Upon the trial of this cause there was no necessity, in order to establish the guilt of the defendant of an assault with intent to kill, to prove that wounds' were inflicted at all. The offense of which the defendant was tried and convicted was entirely complete when it appeared that he shot Frank W. Lander with the intent to kill him.

Ye see no necessity for discussing this subject further. The learned Attorney-G-eneral has furnished for our consideration a very able and exhaustive brief *590upon this proposition, and the numerous eases cited fully support the contentions of the State upon this question. Upon an examination of the adjudications in this State applicable to the question now under consideration, we find by a long line of decisions, all of which are cited in the brief of the Attorney-General, that many indictments and informations predicated upon the same section as the information in the case at bar, and containing no clause relative to the infliction of wounds, have been expressly approved by this court, commencing with the case of State v. Vaughn, in the 26th Mo. l. c. 30, followed by some fifteen or twenty cases approving the same sort of pleading, ending with the very recent cases of State v. Bartlett and State v. Harris in the 209th Mo.

While it is true that there are a number of cases which contain the allegation as to the infliction of wounds which have also met the approval of this court, the conclusions reached in those cases as to the sufficiency of the information were not predicated upon the theory that an allegation as to the wounding was essential in order to constitute a valid charge of an assault with intent to kill under the provisions of the statute as herein indicated.

II.

Appellant complains at the action of the court in denying his applications for a continuance. We have carefully considered in detail the averments embraced in those applications. In our opinion there was no error in denying the requests therein made. The granting of continuances by the trial court must necessarily rest to some extent with the sound discretion of such trial court, and unless it is made manifest from the disclosures of the record that such discretion has been improperly, unsoundly or arbitrarily exercised this court will decline to interfere with the action of *591the trial court upon that subject. [State v. Day, 100 Mo. 242; State v. Cochran, 147 Mo. 504; State v. Burns, 148 Mo. 167; State v. Fleetwood, 223 Mo. 69.

III.

It is next contended by learned counsel for appellant that the court committed error in its action excluding evidence offered by the defendant. Upon this proposition our attention is directed to the evidence offered by witness L. E. Moody. The inquiry was made of this witness about his having had the prosecuting witness fined two or three times. The witness was proceeding to answer the inquiry and stated that he had him fined two times. Another question was propounded, “Was it for an assault on you?” The answer to that question was, “An assault; yes, sir, once. That is him and his girl there together — this one right here (indicating).” Then the additional question was propounded, “He tried to kill you did he?” The State interposed an objection to this line of examination of this witness and the objection was sustained, and in our opinion properly so.

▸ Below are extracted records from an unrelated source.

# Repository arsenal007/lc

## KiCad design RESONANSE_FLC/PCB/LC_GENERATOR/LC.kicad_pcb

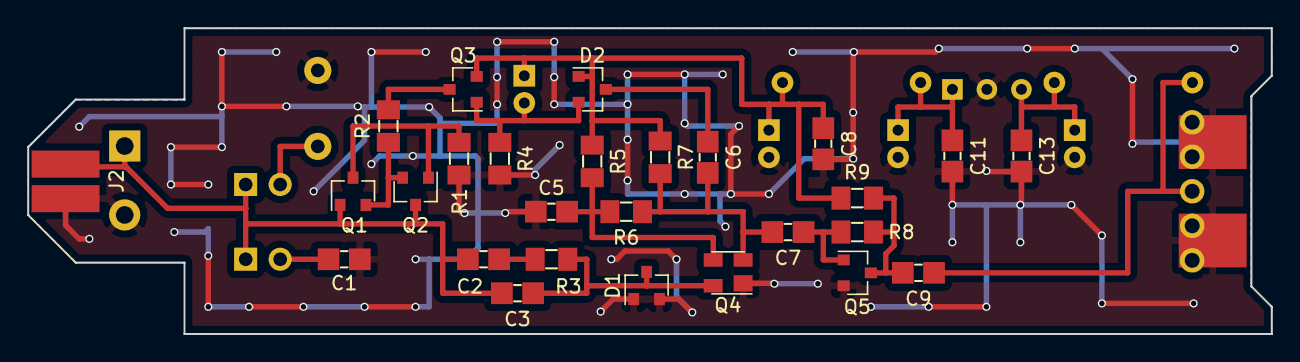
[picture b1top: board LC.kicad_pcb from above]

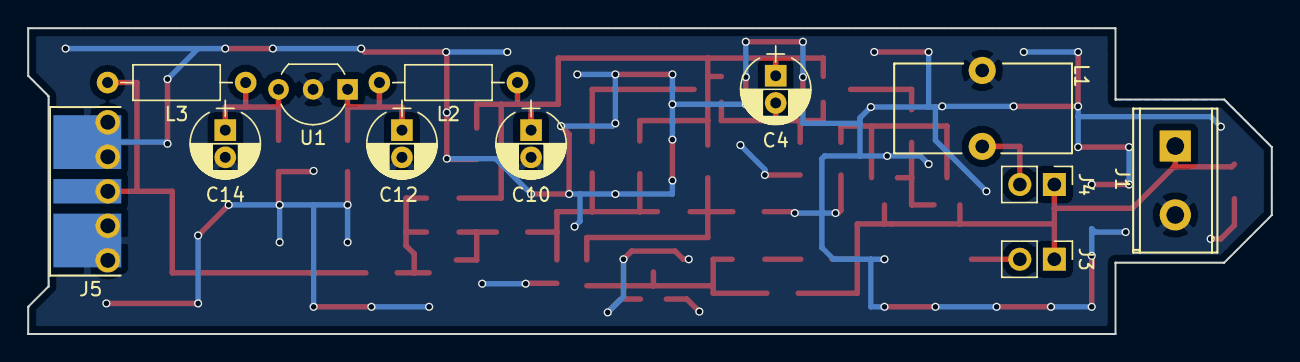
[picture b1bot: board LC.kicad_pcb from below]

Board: 2 copper layers, 91.5 x 22.5 mm, 39 parts (12 on the bottom side), 19 nets.

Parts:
C1: 100pF; C_1206_0603
C2, C5, C6, C7, C8, C9, C11, C13: 100nF; C_1206_0603
C3: 13; C_1206_0603
C4, C10, C12, C14: 10uF; CP_Radial_D5.0mm_P2.00mm
D1, D2: BAV99; SOT-23
J1: Conn_01x02; TerminalBlock_DG306-5.0_2pol
J2: Conn_01x02; SolderWirePad_double_SMD_2x5mm
J3, J4: Conn_01x02; Pin_Header_Straight_1x02_Pitch2.54mm
J5: RF; RFCONNECTOR
L1: 8uH*; Choke_Toroid_6,5x13mm_Vertical
L2, L3: 100uH; R_Axial_DIN0207_L6.3mm_D2.5mm_P10.16mm_Horizontal
Q1, Q2: BFT92; SOT-23
Q3: BC857; SOT-23
Q4: BF998; SOT-143
Q5: SS9018; SOT-23
R1: 10; R_1206_0603
R2, R3: 1k; R_1206_0603
R4, R8: 47k; R_1206_0603
R5, R6: 10k; R_1206_0603
R7: 330; R_1206_0603
R9: 470; R_1206_0603
U1: L78L05_TO92; TO-92_Inline_Wide

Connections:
GND: C1.2, C5.2, C8.2, C10.2, C11.2, C12.2, C13.2, C14.2, D1.1, D1.2, J1.2, J2.2, J5.2, L1.1, Q4.1, Q5.2, R1.2, R4.2, U1.2
unnamed: C1.1, J3.2
unnamed: C2.1, R3.2
unnamed: C2.2, C3.2, J1.1, J2.1, J3.1, J4.1, Q1.1, Q2.3
unnamed: C3.1, D1.3, Q4.4, R3.1
unnamed: C4.2, D2.2, Q3.1, R4.1
unnamed: C5.1, Q4.3, R5.2, R6.2
unnamed: C6.1, D2.3
unnamed: C6.2, C7.2, Q4.2, R6.1, R7.2
unnamed: C7.1, Q5.1, R8.1
unnamed: C9.1, J5.1, L3.2
unnamed: C9.2, Q5.3, R8.2, R9.2
unnamed: C4.1, C8.1, C10.1, D2.1, L2.1, Q3.2, R5.1, R7.1, R9.1
unnamed: C11.1, C12.1, L2.2, U1.1
unnamed: C13.1, C14.1, L3.1, U1.3
unnamed: J4.2, L1.2
unnamed: Q1.2, Q2.2, R2.1
unnamed: Q1.3, Q2.1, R1.1
unnamed: Q3.3, R2.2

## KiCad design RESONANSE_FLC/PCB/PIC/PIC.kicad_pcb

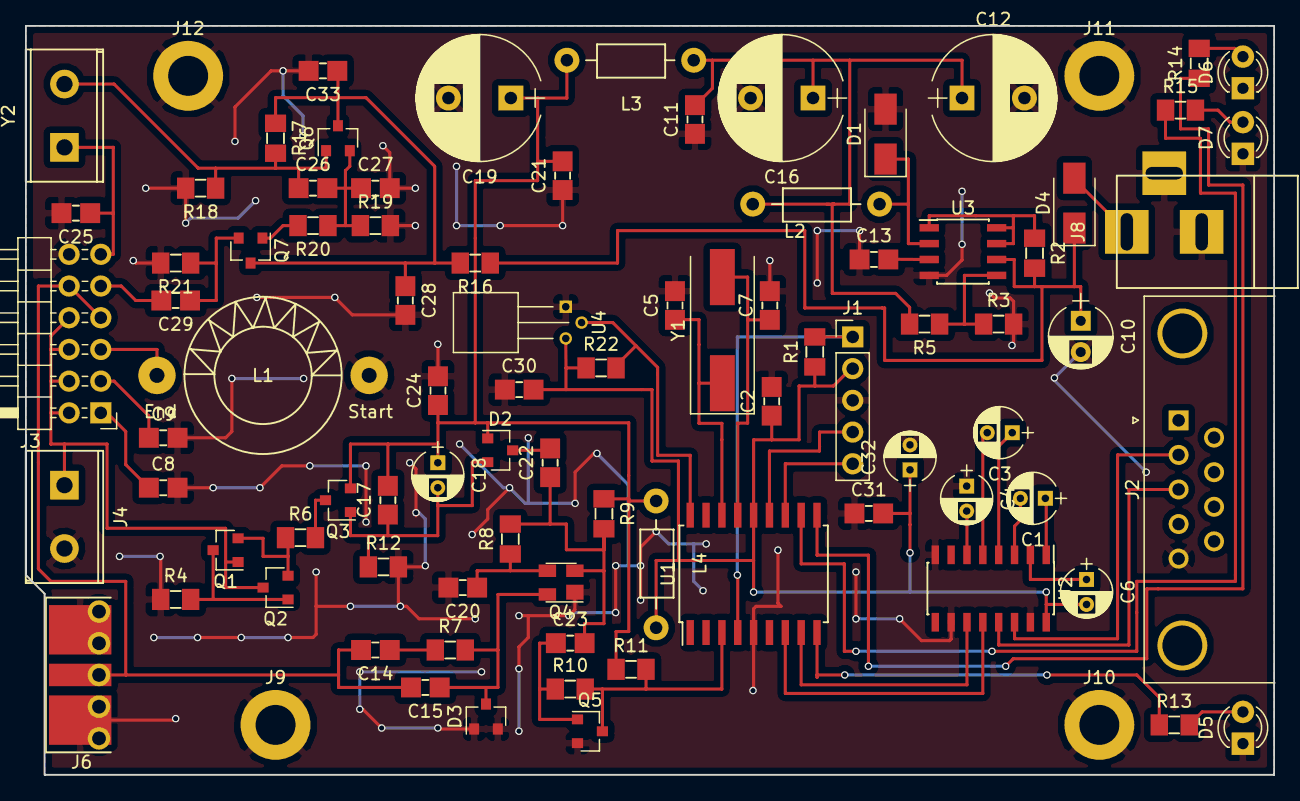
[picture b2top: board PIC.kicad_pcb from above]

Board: 2 copper layers, 100.0 x 60.0 mm, 89 parts (0 on the bottom side), 55 nets.

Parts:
C1, C3, C4, C6, C32: 1uF; CP_Radial_D4.0mm_P2.00mm
C2, C11, C14, C17, C20, C21, C22, C23, C24, C28, C29, C30, C31, C33: 100nF; C_1206_0603
C5, C7: 22pF; C_1206_0603
C8, C9: 100pF; C_1206_0603
C10: 100uF; CP_Radial_D5.0mm_P2.50mm
C12, C16, C19: 1000uF; CP_Radial_D10.0mm_P5.00mm
C13: 180pF; C_1206_0603
C15: 10pF; C_1206_0603
C18: 10uF; CP_Radial_D4.0mm_P2.00mm
C25: 33pF*; C_1206_0603
C26, C27: C_Small; C_1206_0603
D1, D4: SS14; D_SMA
D2, D3: BAV99; SOT-23
D5, D6, D7: LED; LED_D3.0mm
J1: ICSP; Pin_Header_Straight_1x05_Pitch2.54mm
J2: DB9_Female; DSUB-9_Female_Horizontal_Pitch2.77x2.84mm_EdgePinOffset4.94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
J3: FREQ; Pin_Header_Angled_2x06_Pitch2.54mm
J4: L/C; TerminalBlock_DG306-5.0_2pol
J6: Conn_Coaxial; RFCONNECTOR
J8: Jack-DC; BARREL_JACK
J9, J10, J11, J12: Conn_01x01; MountingHole_3.2mm_M3_DIN965_Pad
L1: 10uH; Choke_Toroid_horizontal_Diameter12-5mm_Amidon-T44
L2: 100uH; Choke_Horizontal_RM10mm
L3, L4: 280uH; Choke_Horizontal_RM10mm
Q1, Q2: BFT93; SOT-23
Q3: BC857; SOT-23
Q4: BF998; SOT-143
Q5: SS9018(J8); SOT-23
Q6, Q7: 2N3904; SOT-23
R1, R8: 10k; R_1206_0603
R2, R4: 10; R_1206_0603
R3, R6, R7, R13, R14, R15, R19, R20, R21, R22: 1k; R_1206_0603
R5: 3k; R_1206_0603
R9: 330; R_1206_0603
R10, R12: 47k; R_1206_0603
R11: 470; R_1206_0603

While under the provisions of section 4680, Revised Statutes 1899, it may be shown that a witness testifying in a cause, for the purpose of affecting his credibility and the weight to be attached to his testimony, has been convicted of some criminal offense, yet the proof of the conviction of such witness of some criminal offense must be by competent evidence, which is such evidence as is recognized by the law as being sufficient to establish the fact that the witness had been convicted. Section 4680, which provides for the introduction of evidence of that character, makes the suggestion that the inquiry may be made of the witness testifying as to his previous convictions of criminal offenses; if the witness should deny it, under the provisions of the statute it would not be binding upon the party making the inquiry, but resort could then be *592had to the only legitimate proof of the conviction of the witness, that is, the record of the court or docket of the justice of the peace showing that the witness had in fact been convicted. Manifestly the evidence as offered by witness Moody, stating in a general way that the prosecuting witness had been fined two or three times, was not a method of proof of such fact recognized by the well-settled rules of evidence, hence it follows that there was no error in the court excluding it.

Complaint is also made in this cause by counsel for appellant that the court erroneously and improperly excluded evidence of threats made against the defendant by the prosecuting witness on the day of the difficulty and recently prior thereto. We have carefully analyzed in detail the record concerning the action of the court in the admission and rejection of testimony and from such examinations we are unable to agree with counsel for appellant that the court excluded evidence of threats against the defendant offered in evidence. Learned counsel direct our attention to the pages of the record, where, it is asserted, the error complained of respecting the exclusion of evidence will be found. On page 139, the first objection to which our attention is directed, is where the defendant undertook to relate what his wife had stated. In other words, he was proceeding to state before the jury, “I went in and says, ‘What is going onU She says,. ‘What do you think, I told Lander to get off the place — .’ ” The prosecuting attorney objected to what his wife told him. This objection was sustained. The next objection by the prosecuting attorney was upon the same page of the record referred to. This objection was to the form of the question propounded to the defendant as a witness; he had been testifying and then followed this question: “Q. You had been told — ” Before the counsel fully completed his question the prosecuting attorney interposed an objection *593to the form of the question as being leading and suggestive. This objection was also sustained. Another question propounded by counsel was, “Q. And your wife had told you? A. My wife had told me to look out for him. They then told me he had drawn a gun on her.” The prosecuting attorney interposed an objection in this form: “We object to that and ask to have it stricken out. The Court: Stricken out.” Clearly the objection interposed by the prosecuting officer had reference simply to the statement that they had told the defendant the prosecuting witness had drawn a gun on her. We repeat, that the exclusions of the evidence by the court as indicated by the record do not constitute such error as would warrant this court in reversing the judgment.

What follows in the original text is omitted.